Passt zwar nicht so hier rein, aber da wären noch Lego Star Wars 1 und 2


----------



## feivel (3. November 2009)

worms 2, worms world party

heroes of the might and magic in der hotseat sitzung, street fighter IV,
guitar hero , vorsichtig den n64 emulator mal erwähnen mit mario kart


----------



## zkSpawn (3. November 2009)

Alter Post zum gleichen Thema von mir 



zkSpawn schrieb:


> - Kane and Lynch : Dead Men - Koop Modus mit 2x 360 Pads
> - NBA 2K9
> - Conflict: Denied Ops
> 
> ...


----------



## Street68 (3. November 2009)

Auch vielen Dank an die anderen Poster!
Vorallem der letzte Post hat mir einen guten Tipp gegeben!


----------



## Doney (4. November 2009)

ganz klar worms


----------



## feivel (5. November 2009)

der thread hat mich selber mal wieder auf das thema gebracht, danke nochmal dafür und ich hab bisschen gesucht und ausprobiert
dabei bin ich auf das lost vikings artige jump n run gestoßen namens trine

in dem jeder charakter andere fähigkeiten hat und man es nur mit kombination aller 3en schaffen kann.
dieses spiel lässt sich auch sehr gut im koop zusammen vor dem fernseher spielen, anscheinend sogar zu dritt...aber da fehlt mir auch das 3.te pad.
empfehlen tu ich dabei aber ein modernes pad mit min. 2.tem analog stick für die fähigkeiten.
mein zweites pad ist ein reines digitales und ich kann einfach nicht für jeden charakter alle fähigkeiten damit spielen 
<- muss ich also mir noch eins besorgen..aber macht echt spass


----------



## Street68 (5. November 2009)

Was ich gefunden habe: Frontschweine... Das hab ich immer auf der PS1 gezockt.
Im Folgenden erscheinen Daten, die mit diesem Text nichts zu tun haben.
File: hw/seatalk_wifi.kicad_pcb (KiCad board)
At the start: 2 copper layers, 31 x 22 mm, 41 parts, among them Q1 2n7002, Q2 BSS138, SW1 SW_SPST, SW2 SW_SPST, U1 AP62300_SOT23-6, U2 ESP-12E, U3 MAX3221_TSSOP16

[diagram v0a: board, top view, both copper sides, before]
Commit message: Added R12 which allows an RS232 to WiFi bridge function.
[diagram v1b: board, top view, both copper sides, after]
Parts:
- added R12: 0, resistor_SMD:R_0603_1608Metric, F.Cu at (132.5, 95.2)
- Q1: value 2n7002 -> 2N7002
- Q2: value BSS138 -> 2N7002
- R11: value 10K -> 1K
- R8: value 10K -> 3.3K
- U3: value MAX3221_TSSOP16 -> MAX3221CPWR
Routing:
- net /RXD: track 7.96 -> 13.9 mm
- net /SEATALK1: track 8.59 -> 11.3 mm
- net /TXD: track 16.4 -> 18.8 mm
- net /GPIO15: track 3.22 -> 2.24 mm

Allerdings bekomm ich es nicht zum laufen. Und ich weiß nicht, ob es im Koop auf dem PC spielbar ist.


----------



## Altair94 (5. November 2009)

Nimm den N64 Emulator und dann so Games wie Duke Nukem 64 usw...


----------



## feivel (6. November 2009)

nich duke nukem 64 ... XD
wenn dann bitte die pc version


----------



## david430 (6. November 2009)

vielleicht far cry 1, das kann man glaub gratis im inet runterladen und die server sind immer noch einigermaßen besucht, man trifft immer auf server mit 10 oder mehr playern...


----------



## Altair94 (9. November 2009)

feivel schrieb:


> nich duke nukem 64 ... XD
> wenn dann bitte die pc version


 
Is ja gut... War halt das , was mir am spontantsten eingefallen ist was im Koop geht.


----------